Cosa aspettarsi dalla guerra in Ucraina nel 2025
Quando pensiamo a cosa aspettarci dal mondo in questo 2025, gli occhi di molti sono puntati sull’Ucraina, dove diversi fattori lasciano pensare che quello appena iniziato potrebbe essere l’anno di uno sforzo concreto verso l’interruzione delle ostilità iniziate nel febbraio 2022.
La situazione, però, è tutt’altro che scontata: per porre fine a una guerra serve un incrocio quanto mai delicato di diversi elementi. Serve una ragione valida per fermare le operazioni belliche per ciascuna delle diverse parti in causa, serve la disponibilità ad accettare condizioni che potrebbero richiedere sacrifici più o meno grandi da tutte le parti.

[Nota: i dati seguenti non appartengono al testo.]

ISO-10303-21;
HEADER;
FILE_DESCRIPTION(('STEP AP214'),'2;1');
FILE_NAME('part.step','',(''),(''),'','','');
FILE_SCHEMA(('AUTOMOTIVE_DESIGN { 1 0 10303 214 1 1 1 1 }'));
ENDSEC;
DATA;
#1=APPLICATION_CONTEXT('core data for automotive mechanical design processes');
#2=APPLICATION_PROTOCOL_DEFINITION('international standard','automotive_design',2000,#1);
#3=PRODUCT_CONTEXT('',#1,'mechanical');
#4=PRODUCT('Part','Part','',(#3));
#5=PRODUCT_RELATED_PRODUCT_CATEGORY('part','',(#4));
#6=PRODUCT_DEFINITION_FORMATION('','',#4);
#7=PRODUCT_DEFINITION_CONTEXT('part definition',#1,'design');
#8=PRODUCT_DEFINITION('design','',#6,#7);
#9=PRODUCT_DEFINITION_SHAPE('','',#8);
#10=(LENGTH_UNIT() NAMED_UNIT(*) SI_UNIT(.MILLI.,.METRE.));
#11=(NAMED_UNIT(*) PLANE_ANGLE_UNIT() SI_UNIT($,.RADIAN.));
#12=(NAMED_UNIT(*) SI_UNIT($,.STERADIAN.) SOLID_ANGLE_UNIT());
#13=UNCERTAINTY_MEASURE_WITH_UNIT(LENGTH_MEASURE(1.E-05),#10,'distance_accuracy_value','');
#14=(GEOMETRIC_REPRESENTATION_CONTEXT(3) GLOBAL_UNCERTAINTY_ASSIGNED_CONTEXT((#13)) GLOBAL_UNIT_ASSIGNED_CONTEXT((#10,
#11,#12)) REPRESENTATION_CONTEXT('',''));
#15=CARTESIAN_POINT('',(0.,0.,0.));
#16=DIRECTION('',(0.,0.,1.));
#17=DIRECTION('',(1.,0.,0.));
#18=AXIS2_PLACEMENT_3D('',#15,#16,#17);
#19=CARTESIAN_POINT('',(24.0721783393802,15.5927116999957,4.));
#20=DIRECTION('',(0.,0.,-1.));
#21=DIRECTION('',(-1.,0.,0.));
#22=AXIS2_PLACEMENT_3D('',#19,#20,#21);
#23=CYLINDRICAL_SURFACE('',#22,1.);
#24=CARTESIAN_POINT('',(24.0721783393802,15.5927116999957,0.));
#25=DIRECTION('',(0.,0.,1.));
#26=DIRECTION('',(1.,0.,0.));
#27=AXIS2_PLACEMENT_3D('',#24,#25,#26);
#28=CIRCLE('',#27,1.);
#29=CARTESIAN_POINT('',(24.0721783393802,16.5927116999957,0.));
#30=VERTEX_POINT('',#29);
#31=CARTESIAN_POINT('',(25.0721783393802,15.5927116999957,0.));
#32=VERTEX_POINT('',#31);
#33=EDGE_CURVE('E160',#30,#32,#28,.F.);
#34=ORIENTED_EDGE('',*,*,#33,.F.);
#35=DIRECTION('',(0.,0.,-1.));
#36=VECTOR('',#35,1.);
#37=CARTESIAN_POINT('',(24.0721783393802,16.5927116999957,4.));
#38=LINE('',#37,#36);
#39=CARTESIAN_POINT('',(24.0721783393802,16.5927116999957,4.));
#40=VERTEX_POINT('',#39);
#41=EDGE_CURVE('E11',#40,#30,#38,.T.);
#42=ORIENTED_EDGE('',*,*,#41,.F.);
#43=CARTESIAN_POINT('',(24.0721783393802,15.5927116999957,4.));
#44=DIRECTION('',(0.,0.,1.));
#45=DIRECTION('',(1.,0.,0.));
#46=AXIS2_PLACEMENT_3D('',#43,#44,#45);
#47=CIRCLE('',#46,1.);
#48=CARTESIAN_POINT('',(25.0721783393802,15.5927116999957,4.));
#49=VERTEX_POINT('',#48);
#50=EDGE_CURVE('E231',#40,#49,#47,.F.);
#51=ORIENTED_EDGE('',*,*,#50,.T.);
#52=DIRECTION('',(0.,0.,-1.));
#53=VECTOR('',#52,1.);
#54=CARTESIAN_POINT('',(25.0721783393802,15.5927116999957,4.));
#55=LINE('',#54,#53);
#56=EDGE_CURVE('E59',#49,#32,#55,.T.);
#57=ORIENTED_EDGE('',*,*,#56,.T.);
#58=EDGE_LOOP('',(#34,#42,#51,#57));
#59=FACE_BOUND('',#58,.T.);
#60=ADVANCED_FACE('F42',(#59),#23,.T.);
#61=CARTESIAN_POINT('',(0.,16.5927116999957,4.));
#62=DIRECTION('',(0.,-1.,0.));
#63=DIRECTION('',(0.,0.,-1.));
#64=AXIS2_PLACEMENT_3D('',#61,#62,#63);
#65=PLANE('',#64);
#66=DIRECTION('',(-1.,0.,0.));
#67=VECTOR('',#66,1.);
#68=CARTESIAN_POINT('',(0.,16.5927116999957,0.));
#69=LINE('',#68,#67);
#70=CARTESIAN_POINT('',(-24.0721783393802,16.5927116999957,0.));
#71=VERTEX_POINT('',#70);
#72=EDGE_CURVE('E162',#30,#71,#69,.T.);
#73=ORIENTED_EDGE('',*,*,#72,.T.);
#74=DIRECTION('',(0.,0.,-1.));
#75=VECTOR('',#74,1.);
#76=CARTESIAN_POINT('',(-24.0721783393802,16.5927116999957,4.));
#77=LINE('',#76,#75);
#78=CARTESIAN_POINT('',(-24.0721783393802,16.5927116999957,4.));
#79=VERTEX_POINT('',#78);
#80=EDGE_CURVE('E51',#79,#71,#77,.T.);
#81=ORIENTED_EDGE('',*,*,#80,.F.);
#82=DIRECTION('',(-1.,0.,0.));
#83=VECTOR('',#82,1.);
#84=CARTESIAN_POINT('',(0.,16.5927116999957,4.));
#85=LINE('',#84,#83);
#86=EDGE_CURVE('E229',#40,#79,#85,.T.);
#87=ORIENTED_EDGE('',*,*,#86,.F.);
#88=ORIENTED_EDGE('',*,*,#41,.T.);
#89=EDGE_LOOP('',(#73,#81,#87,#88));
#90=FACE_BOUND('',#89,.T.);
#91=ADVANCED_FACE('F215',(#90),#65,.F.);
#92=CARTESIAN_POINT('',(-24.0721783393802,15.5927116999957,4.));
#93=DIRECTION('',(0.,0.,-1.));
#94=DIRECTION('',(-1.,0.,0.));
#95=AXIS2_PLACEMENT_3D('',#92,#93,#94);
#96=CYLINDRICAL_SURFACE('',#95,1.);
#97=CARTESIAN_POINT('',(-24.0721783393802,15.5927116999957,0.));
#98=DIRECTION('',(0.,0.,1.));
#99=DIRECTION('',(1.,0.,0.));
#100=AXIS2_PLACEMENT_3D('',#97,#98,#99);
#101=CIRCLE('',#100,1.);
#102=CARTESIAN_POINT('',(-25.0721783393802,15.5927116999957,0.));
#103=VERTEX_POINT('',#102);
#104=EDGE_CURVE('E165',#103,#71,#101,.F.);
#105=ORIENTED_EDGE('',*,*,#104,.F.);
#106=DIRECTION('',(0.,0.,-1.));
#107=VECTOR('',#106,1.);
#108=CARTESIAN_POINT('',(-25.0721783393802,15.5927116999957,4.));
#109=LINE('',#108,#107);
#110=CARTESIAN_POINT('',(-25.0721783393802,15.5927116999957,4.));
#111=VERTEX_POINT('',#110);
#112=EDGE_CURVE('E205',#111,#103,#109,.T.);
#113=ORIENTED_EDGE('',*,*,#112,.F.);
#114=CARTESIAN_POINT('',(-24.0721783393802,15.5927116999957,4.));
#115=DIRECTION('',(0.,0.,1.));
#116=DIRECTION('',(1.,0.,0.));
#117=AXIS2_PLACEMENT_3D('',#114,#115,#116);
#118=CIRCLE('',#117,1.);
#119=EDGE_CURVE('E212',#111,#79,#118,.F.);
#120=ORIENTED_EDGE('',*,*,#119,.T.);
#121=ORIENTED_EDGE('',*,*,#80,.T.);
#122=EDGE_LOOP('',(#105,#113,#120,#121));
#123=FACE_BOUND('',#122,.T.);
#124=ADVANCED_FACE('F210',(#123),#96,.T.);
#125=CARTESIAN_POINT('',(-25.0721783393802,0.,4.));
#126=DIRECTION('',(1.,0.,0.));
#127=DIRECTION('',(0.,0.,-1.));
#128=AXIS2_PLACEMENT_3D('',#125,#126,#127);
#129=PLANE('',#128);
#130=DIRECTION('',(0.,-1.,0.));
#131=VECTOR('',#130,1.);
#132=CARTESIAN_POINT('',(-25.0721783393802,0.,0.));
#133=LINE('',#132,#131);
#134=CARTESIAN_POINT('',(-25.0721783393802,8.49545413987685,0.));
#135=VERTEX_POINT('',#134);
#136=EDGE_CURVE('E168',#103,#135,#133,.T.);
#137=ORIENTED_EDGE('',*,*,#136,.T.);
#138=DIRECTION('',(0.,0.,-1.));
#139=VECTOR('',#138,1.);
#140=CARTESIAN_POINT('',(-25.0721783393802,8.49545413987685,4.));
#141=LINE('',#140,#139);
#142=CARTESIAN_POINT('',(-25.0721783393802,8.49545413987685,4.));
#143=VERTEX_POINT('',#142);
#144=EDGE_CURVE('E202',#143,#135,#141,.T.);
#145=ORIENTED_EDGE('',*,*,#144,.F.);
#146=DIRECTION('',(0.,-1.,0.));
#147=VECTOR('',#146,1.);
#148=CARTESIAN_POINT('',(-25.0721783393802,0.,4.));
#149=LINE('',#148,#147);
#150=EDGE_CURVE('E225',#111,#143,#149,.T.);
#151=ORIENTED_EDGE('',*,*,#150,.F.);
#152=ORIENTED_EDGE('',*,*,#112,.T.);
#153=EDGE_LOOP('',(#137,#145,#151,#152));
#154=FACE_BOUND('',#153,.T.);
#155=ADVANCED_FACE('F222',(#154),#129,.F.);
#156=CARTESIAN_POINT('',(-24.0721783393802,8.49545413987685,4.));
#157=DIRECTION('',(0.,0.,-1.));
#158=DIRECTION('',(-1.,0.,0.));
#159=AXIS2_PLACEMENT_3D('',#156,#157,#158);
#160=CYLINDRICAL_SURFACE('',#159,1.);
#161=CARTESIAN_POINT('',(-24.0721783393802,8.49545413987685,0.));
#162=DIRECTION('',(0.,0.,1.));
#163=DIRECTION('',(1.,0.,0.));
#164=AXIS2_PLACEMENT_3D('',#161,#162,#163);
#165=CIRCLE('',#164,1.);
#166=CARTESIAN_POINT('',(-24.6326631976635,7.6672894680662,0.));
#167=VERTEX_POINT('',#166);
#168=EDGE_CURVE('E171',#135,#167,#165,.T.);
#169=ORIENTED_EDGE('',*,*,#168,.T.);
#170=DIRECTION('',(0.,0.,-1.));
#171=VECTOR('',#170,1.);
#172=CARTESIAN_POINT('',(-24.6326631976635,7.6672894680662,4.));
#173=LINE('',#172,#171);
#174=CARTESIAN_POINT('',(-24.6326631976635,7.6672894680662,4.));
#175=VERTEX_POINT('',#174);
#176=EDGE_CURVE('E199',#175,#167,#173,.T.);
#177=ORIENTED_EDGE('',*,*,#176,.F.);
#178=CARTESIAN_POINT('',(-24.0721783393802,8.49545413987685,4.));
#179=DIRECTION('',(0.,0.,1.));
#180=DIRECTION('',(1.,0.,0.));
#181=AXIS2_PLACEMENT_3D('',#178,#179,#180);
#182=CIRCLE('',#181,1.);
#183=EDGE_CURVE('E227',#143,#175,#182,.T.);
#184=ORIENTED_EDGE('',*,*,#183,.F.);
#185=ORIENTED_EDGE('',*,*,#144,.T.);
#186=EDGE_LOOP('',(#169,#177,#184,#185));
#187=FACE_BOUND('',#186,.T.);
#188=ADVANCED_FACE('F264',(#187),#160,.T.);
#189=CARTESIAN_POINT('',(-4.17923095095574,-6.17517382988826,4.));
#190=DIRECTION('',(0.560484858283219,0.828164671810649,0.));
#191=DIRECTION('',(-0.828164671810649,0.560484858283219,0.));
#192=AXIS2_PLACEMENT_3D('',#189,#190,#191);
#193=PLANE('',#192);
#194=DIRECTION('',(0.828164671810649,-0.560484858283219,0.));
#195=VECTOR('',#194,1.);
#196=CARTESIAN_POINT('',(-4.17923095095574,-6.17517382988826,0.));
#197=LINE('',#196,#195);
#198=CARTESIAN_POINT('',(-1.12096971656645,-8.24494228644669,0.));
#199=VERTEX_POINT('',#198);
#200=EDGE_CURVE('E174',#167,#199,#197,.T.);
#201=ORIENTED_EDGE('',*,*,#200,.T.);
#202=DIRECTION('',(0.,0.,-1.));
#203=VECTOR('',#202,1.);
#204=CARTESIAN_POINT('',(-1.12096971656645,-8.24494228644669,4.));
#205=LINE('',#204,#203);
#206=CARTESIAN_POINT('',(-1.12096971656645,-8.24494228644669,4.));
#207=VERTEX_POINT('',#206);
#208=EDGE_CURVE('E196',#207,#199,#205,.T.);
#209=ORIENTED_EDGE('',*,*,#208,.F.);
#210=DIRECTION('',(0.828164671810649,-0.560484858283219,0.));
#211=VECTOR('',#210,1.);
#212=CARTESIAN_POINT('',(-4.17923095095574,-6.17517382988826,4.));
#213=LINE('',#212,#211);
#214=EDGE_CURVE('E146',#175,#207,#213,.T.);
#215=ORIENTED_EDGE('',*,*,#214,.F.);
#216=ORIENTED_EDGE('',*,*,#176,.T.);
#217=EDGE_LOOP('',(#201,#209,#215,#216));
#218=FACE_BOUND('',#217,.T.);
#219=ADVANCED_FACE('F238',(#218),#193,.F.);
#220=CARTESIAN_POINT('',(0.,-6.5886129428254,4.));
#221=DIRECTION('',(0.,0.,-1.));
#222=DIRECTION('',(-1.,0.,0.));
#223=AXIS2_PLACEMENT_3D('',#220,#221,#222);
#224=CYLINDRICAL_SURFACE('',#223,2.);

Donald Trump, che si insedierà come presidente degli Stati Uniti il prossimo 20 gennaio, ha speso l’intera campagna elettorale parlando della volontà di mettere sul tavolo un accordo che ponga fine alla guerra in tempi celeri. Tuttavia, come già detto, perché questo accordo possa avere luogo serve un incrocio di fattori non semplice e tantomeno scontato i cui esiti potrebbero essere imprevedibili in ogni senso: se c’è una cosa che la prima presidenza Trump ci ha insegnato, infatti, è che con lui alla Casa Bianca c’è da aspettarsi qualsiasi cosa.
Per parlare di pace, tuttavia, l’elemento chiave è uno prima di tutto: le condizioni. Ad oggi non vi sono piani di pace messi ufficialmente sul tavolo, per quanto la diplomazia si stia sicuramente muovendo sotto traccia: in mano all’opinione pubblica, tuttavia, vi sono solo ipotesi, indiscrezioni e retroscena. In questo senso, una possibile opzione sul tavolo trapelata è un congelamento delle attuali linee del fronte, tutelate da un contingente internazionale messo a guardia del cessate il fuoco, è uno speculare congelamento dell’adesione dell’Ucraina alla NATO per un tempo prestabilito. Un compromesso per cui Washington ha sicuramente gli strumenti per fare leva su Kiev, ma che non è detto trovi la totale accettazione da parte di Mosca.
Lato Russia, infatti, un nodo è che gli obiettivi della guerra in Ucraina sono sempre stati mantenuti vaghi: nel discorso in cui Vladimir Putin lanciava l’operazione militare speciale, infatti, parlò di “demilitarizzazione” e “denazificazione” dell’Ucraina. Due termini, soprattutto il secondo, che si prestano a più interpretazioni.
Per quanto Vladimir Putin abbia aperto alla possibilità di sedersi al tavolo con gli Stati Uniti, nei giorni scorsi il ministro degli Esteri Sergei Lavrov ha invece definito “inutile” una tregua in questo momento, una dichiarazione che non possiamo sapere se va vista come un modo per alzare la posta o una concreta mancanza di interesse, e ha aggiunto che auspica che Trump comprenda le ragioni che hanno portato alla guerra in Ucraina. Frasi che lasciano pensare che, mentre la guerra si avvicina ai tre anni, Mosca ritenga di poter ottenere, sul campo o in altra sede, risultati migliori di un congelamento della situazione attuale sul campo.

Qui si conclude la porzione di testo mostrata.